= Suzanne La Follette =

American journalist (1893–1983)

Suzanne Clara La Follette (June 24, 1893 – April 23, 1983) was an American journalist and author who advocated libertarian feminism in the first half of the 20th century. As an editor she helped found several magazines. She was an early and ardent feminist and a vocal anticommunist.

==Family==
She was born in Washington state into the politically prominent La Follette family. Her father was U.S. Congressman William La Follette; her brothers were politician William Leroy LaFollette Jr. and Chester La Follette, a painter. Author Mimi LaFollette Summerskill was her niece. While living in Washington, D.C., with her family, Suzanne worked in her father's Capitol Hill office as well as that of his cousin Senator Robert M. La Follette. As a young woman still in college, she observed many of the great political and intellectual debates of the time at the home shared by the two LaFollette families.

==Work==
Her full-length book, Concerning Women, published in 1926, broke ground in the 1920s, but went out of print for a second time after a 1972 reprint in the Arno Press American Women series. In 1973, an excerpt entitled "Beware the State" was included in "The Feminist Papers," an anthology edited by Alice Rossi. A short biography of La Follette, based on interviews with her grandniece Maryly Rosner, her brother Chester La Follette, and her colleagues John Chamberlain, Priscilla Buckley (sister to conservative editor William F. Buckley Jr.) and Helen Tremaine, can be found in the article "Suzanne La Follette: The Freewomen" by Sharon Presley.

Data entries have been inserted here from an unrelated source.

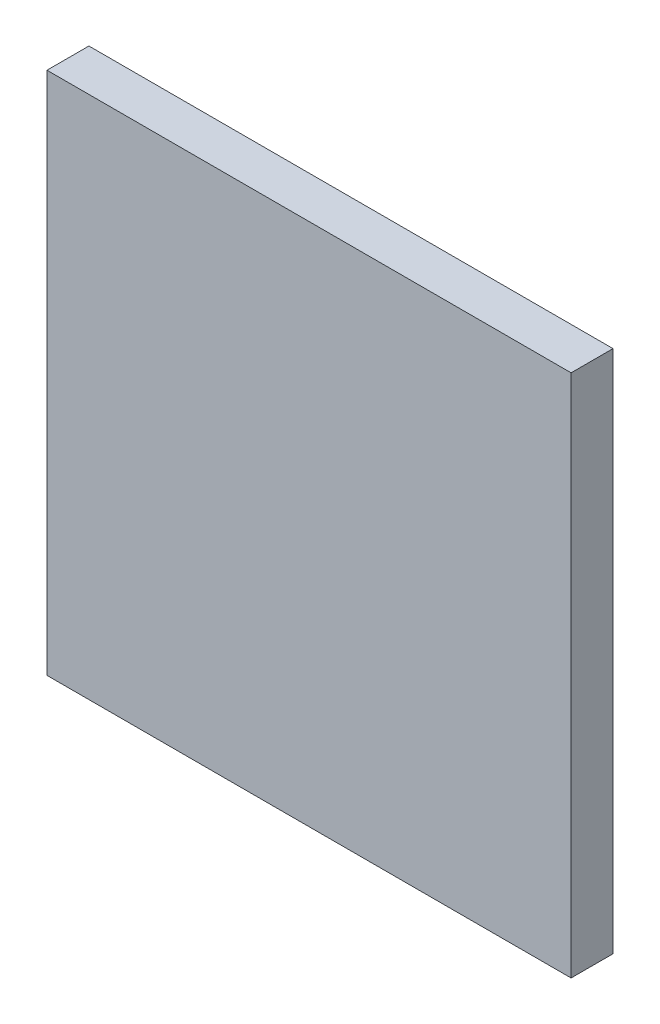
ISO-10303-21;
HEADER;
FILE_DESCRIPTION(('STEP AP214'),'2;1');
FILE_NAME('part.step','',(''),(''),'','','');
FILE_SCHEMA(('AUTOMOTIVE_DESIGN { 1 0 10303 214 1 1 1 1 }'));
ENDSEC;
DATA;
#1=APPLICATION_CONTEXT('core data for automotive mechanical design processes');
#2=APPLICATION_PROTOCOL_DEFINITION('international standard','automotive_design',2000,#1);
#3=PRODUCT_CONTEXT('',#1,'mechanical');
#4=PRODUCT('Part','Part','',(#3));
#5=PRODUCT_RELATED_PRODUCT_CATEGORY('part','',(#4));
#6=PRODUCT_DEFINITION_FORMATION('','',#4);
#7=PRODUCT_DEFINITION_CONTEXT('part definition',#1,'design');
#8=PRODUCT_DEFINITION('design','',#6,#7);
#9=PRODUCT_DEFINITION_SHAPE('','',#8);
#10=(LENGTH_UNIT() NAMED_UNIT(*) SI_UNIT(.MILLI.,.METRE.));
#11=(NAMED_UNIT(*) PLANE_ANGLE_UNIT() SI_UNIT($,.RADIAN.));
#12=(NAMED_UNIT(*) SI_UNIT($,.STERADIAN.) SOLID_ANGLE_UNIT());
#13=UNCERTAINTY_MEASURE_WITH_UNIT(LENGTH_MEASURE(1.E-05),#10,'distance_accuracy_value','');
#14=(GEOMETRIC_REPRESENTATION_CONTEXT(3) GLOBAL_UNCERTAINTY_ASSIGNED_CONTEXT((#13)) GLOBAL_UNIT_ASSIGNED_CONTEXT((#10,
#11,#12)) REPRESENTATION_CONTEXT('',''));
#15=CARTESIAN_POINT('',(0.,0.,0.));
#16=DIRECTION('',(0.,0.,1.));
#17=DIRECTION('',(1.,0.,0.));
#18=AXIS2_PLACEMENT_3D('',#15,#16,#17);
#19=CARTESIAN_POINT('',(0.,25.,2.));
#20=DIRECTION('',(0.,1.,0.));
#21=DIRECTION('',(0.,0.,1.));
#22=AXIS2_PLACEMENT_3D('',#19,#20,#21);
#23=PLANE('',#22);
#24=DIRECTION('',(1.,0.,0.));
#25=VECTOR('',#24,1.);
#26=CARTESIAN_POINT('',(0.,25.,0.));
#27=LINE('',#26,#25);
#28=CARTESIAN_POINT('',(0.,25.,0.));
#29=VERTEX_POINT('',#28);
#30=CARTESIAN_POINT('',(25.,25.,0.));
#31=VERTEX_POINT('',#30);
#32=EDGE_CURVE('E97',#29,#31,#27,.T.);
#33=ORIENTED_EDGE('',*,*,#32,.F.);
#34=DIRECTION('',(0.,0.,-1.));
#35=VECTOR('',#34,1.);
#36=CARTESIAN_POINT('',(0.,25.,2.));
#37=LINE('',#36,#35);
#38=CARTESIAN_POINT('',(0.,25.,2.));
#39=VERTEX_POINT('',#38);
#40=EDGE_CURVE('E11',#39,#29,#37,.T.);
#41=ORIENTED_EDGE('',*,*,#40,.F.);
#42=DIRECTION('',(1.,0.,0.));
#43=VECTOR('',#42,1.);
#44=CARTESIAN_POINT('',(0.,25.,2.));
#45=LINE('',#44,#43);
#46=CARTESIAN_POINT('',(25.,25.,2.));
#47=VERTEX_POINT('',#46);
#48=EDGE_CURVE('E91',#39,#47,#45,.T.);
#49=ORIENTED_EDGE('',*,*,#48,.T.);
#50=DIRECTION('',(0.,0.,-1.));
#51=VECTOR('',#50,1.);
#52=CARTESIAN_POINT('',(25.,25.,2.));
#53=LINE('',#52,#51);
#54=EDGE_CURVE('E36',#47,#31,#53,.T.);
#55=ORIENTED_EDGE('',*,*,#54,.T.);
#56=EDGE_LOOP('',(#33,#41,#49,#55));
#57=FACE_BOUND('',#56,.T.);
#58=ADVANCED_FACE('F33',(#57),#23,.T.);
#59=CARTESIAN_POINT('',(0.,0.,2.));
#60=DIRECTION('',(-1.,0.,0.));
#61=DIRECTION('',(0.,0.,1.));
#62=AXIS2_PLACEMENT_3D('',#59,#60,#61);
#63=PLANE('',#62);
#64=DIRECTION('',(0.,1.,0.));
#65=VECTOR('',#64,1.);
#66=CARTESIAN_POINT('',(0.,0.,0.));
#67=LINE('',#66,#65);
#68=CARTESIAN_POINT('',(0.,0.,0.));
#69=VERTEX_POINT('',#68);
#70=EDGE_CURVE('E93',#69,#29,#67,.T.);
#71=ORIENTED_EDGE('',*,*,#70,.F.);
#72=DIRECTION('',(0.,0.,-1.));
#73=VECTOR('',#72,1.);
#74=CARTESIAN_POINT('',(0.,0.,2.));
#75=LINE('',#74,#73);
#76=CARTESIAN_POINT('',(0.,0.,2.));
#77=VERTEX_POINT('',#76);
#78=EDGE_CURVE('E42',#77,#69,#75,.T.);
#79=ORIENTED_EDGE('',*,*,#78,.F.);
#80=DIRECTION('',(0.,1.,0.));
#81=VECTOR('',#80,1.);
#82=CARTESIAN_POINT('',(0.,0.,2.));
#83=LINE('',#82,#81);
#84=EDGE_CURVE('E81',#77,#39,#83,.T.);
#85=ORIENTED_EDGE('',*,*,#84,.T.);
#86=ORIENTED_EDGE('',*,*,#40,.T.);
#87=EDGE_LOOP('',(#71,#79,#85,#86));
#88=FACE_BOUND('',#87,.T.);
#89=ADVANCED_FACE('F107',(#88),#63,.T.);
#90=CARTESIAN_POINT('',(0.,0.,2.));
#91=DIRECTION('',(0.,1.,0.));
#92=DIRECTION('',(0.,0.,1.));
#93=AXIS2_PLACEMENT_3D('',#90,#91,#92);
#94=PLANE('',#93);
#95=DIRECTION('',(1.,0.,0.));
#96=VECTOR('',#95,1.);
#97=CARTESIAN_POINT('',(0.,0.,0.));
#98=LINE('',#97,#96);
#99=CARTESIAN_POINT('',(25.,0.,0.));
#100=VERTEX_POINT('',#99);
#101=EDGE_CURVE('E86',#69,#100,#98,.T.);
#102=ORIENTED_EDGE('',*,*,#101,.T.);
#103=DIRECTION('',(0.,0.,-1.));
#104=VECTOR('',#103,1.);
#105=CARTESIAN_POINT('',(25.,0.,2.));
#106=LINE('',#105,#104);
#107=CARTESIAN_POINT('',(25.,0.,2.));
#108=VERTEX_POINT('',#107);
#109=EDGE_CURVE('E84',#108,#100,#106,.T.);
#110=ORIENTED_EDGE('',*,*,#109,.F.);
#111=DIRECTION('',(1.,0.,0.));
#112=VECTOR('',#111,1.);
#113=CARTESIAN_POINT('',(0.,0.,2.));
#114=LINE('',#113,#112);
#115=EDGE_CURVE('E78',#77,#108,#114,.T.);
#116=ORIENTED_EDGE('',*,*,#115,.F.);
#117=ORIENTED_EDGE('',*,*,#78,.T.);
#118=EDGE_LOOP('',(#102,#110,#116,#117));
#119=FACE_BOUND('',#118,.T.);
#120=ADVANCED_FACE('F85',(#119),#94,.F.);
#121=CARTESIAN_POINT('',(25.,0.,2.));
#122=DIRECTION('',(-1.,0.,0.));
#123=DIRECTION('',(0.,0.,1.));
#124=AXIS2_PLACEMENT_3D('',#121,#122,#123);
#125=PLANE('',#124);
#126=DIRECTION('',(0.,1.,0.));
#127=VECTOR('',#126,1.);
#128=CARTESIAN_POINT('',(25.,0.,0.));
#129=LINE('',#128,#127);
#130=EDGE_CURVE('E100',#100,#31,#129,.T.);
#131=ORIENTED_EDGE('',*,*,#130,.T.);
#132=ORIENTED_EDGE('',*,*,#54,.F.);
#133=DIRECTION('',(0.,1.,0.));
#134=VECTOR('',#133,1.);
#135=CARTESIAN_POINT('',(25.,0.,2.));
#136=LINE('',#135,#134);
#137=EDGE_CURVE('E75',#108,#47,#136,.T.);
#138=ORIENTED_EDGE('',*,*,#137,.F.);
#139=ORIENTED_EDGE('',*,*,#109,.T.);
#140=EDGE_LOOP('',(#131,#132,#138,#139));
#141=FACE_BOUND('',#140,.T.);
#142=ADVANCED_FACE('F90',(#141),#125,.F.);
#143=CARTESIAN_POINT('',(0.,0.,2.));
#144=DIRECTION('',(0.,0.,1.));
#145=DIRECTION('',(1.,0.,0.));
#146=AXIS2_PLACEMENT_3D('',#143,#144,#145);
#147=PLANE('',#146);
#148=ORIENTED_EDGE('',*,*,#48,.F.);
#149=ORIENTED_EDGE('',*,*,#84,.F.);
#150=ORIENTED_EDGE('',*,*,#115,.T.);
#151=ORIENTED_EDGE('',*,*,#137,.T.);
#152=EDGE_LOOP('',(#148,#149,#150,#151));
#153=FACE_BOUND('',#152,.T.);
#154=ADVANCED_FACE('F80',(#153),#147,.T.);
#155=CARTESIAN_POINT('',(0.,0.,0.));
#156=DIRECTION('',(0.,0.,1.));
#157=DIRECTION('',(1.,0.,0.));
#158=AXIS2_PLACEMENT_3D('',#155,#156,#157);
#159=PLANE('',#158);
#160=ORIENTED_EDGE('',*,*,#32,.T.);
#161=ORIENTED_EDGE('',*,*,#130,.F.);
#162=ORIENTED_EDGE('',*,*,#101,.F.);
#163=ORIENTED_EDGE('',*,*,#70,.T.);
#164=EDGE_LOOP('',(#160,#161,#162,#163));
#165=FACE_BOUND('',#164,.T.);
#166=ADVANCED_FACE('F106',(#165),#159,.F.);
#167=CLOSED_SHELL('',(#58,#89,#120,#142,#154,#166));
#168=MANIFOLD_SOLID_BREP('B2',#167);
#169=ADVANCED_BREP_SHAPE_REPRESENTATION('',(#18,#168),#14);
#170=SHAPE_DEFINITION_REPRESENTATION(#9,#169);
ENDSEC;
END-ISO-10303-21;

La Follette was active in the League of Equal Opportunity, a feminist organization that, unlike the larger National Woman's Party, opposed not just sex-based minimum wage legislation, but all such legislation. She explained her opposition to such laws in Concerning Women. Her economic views, like those of her mentor Albert Jay Nock, were libertarian but influenced by Henry George.

She had been interested in Russia since the revolution of 1917 and had been in contact with many exiles, including former president Alexander Kerensky. In the 1930s, La Follette served on the Committee for the Defense of Leon Trotsky, also known as the "Dewey Commission" as secretary to its chairman, philosopher John Dewey. La Follette wrote the summary of the committee's findings after holding an investigative meeting in Mexico where Trotsky was in exile (and later murdered by an agent of Joseph Stalin). Many of the committee's members, like La Follette, Carlo Tresca and Dewey, were not Trotskyists, but consisted of anti-Stalinist socialists, progressives and liberals.

She worked on the journal The Freeman both as a contributor and as assistant to the editor, Albert Jay Nock, and she later founded a revival of the magazine, called The New Freeman, in 1932. (It lasted only 15 months.) In the early 1950s, she served as a managing editor of yet another revival of Nock's journal, the libertarian periodical The Freeman, with John Chamberlain and Henry Hazlitt serving as executive editors. In that role, she came into periodic conflict with Hazlitt due to her "sometimes strident way of expressing herself" on behalf of Senator Joseph McCarthy. It is this magazine which is widely considered to be an important forerunner to the conservative National Review, founded by William F. Buckley Jr., another journal for which she was also an early contributor and managing editor.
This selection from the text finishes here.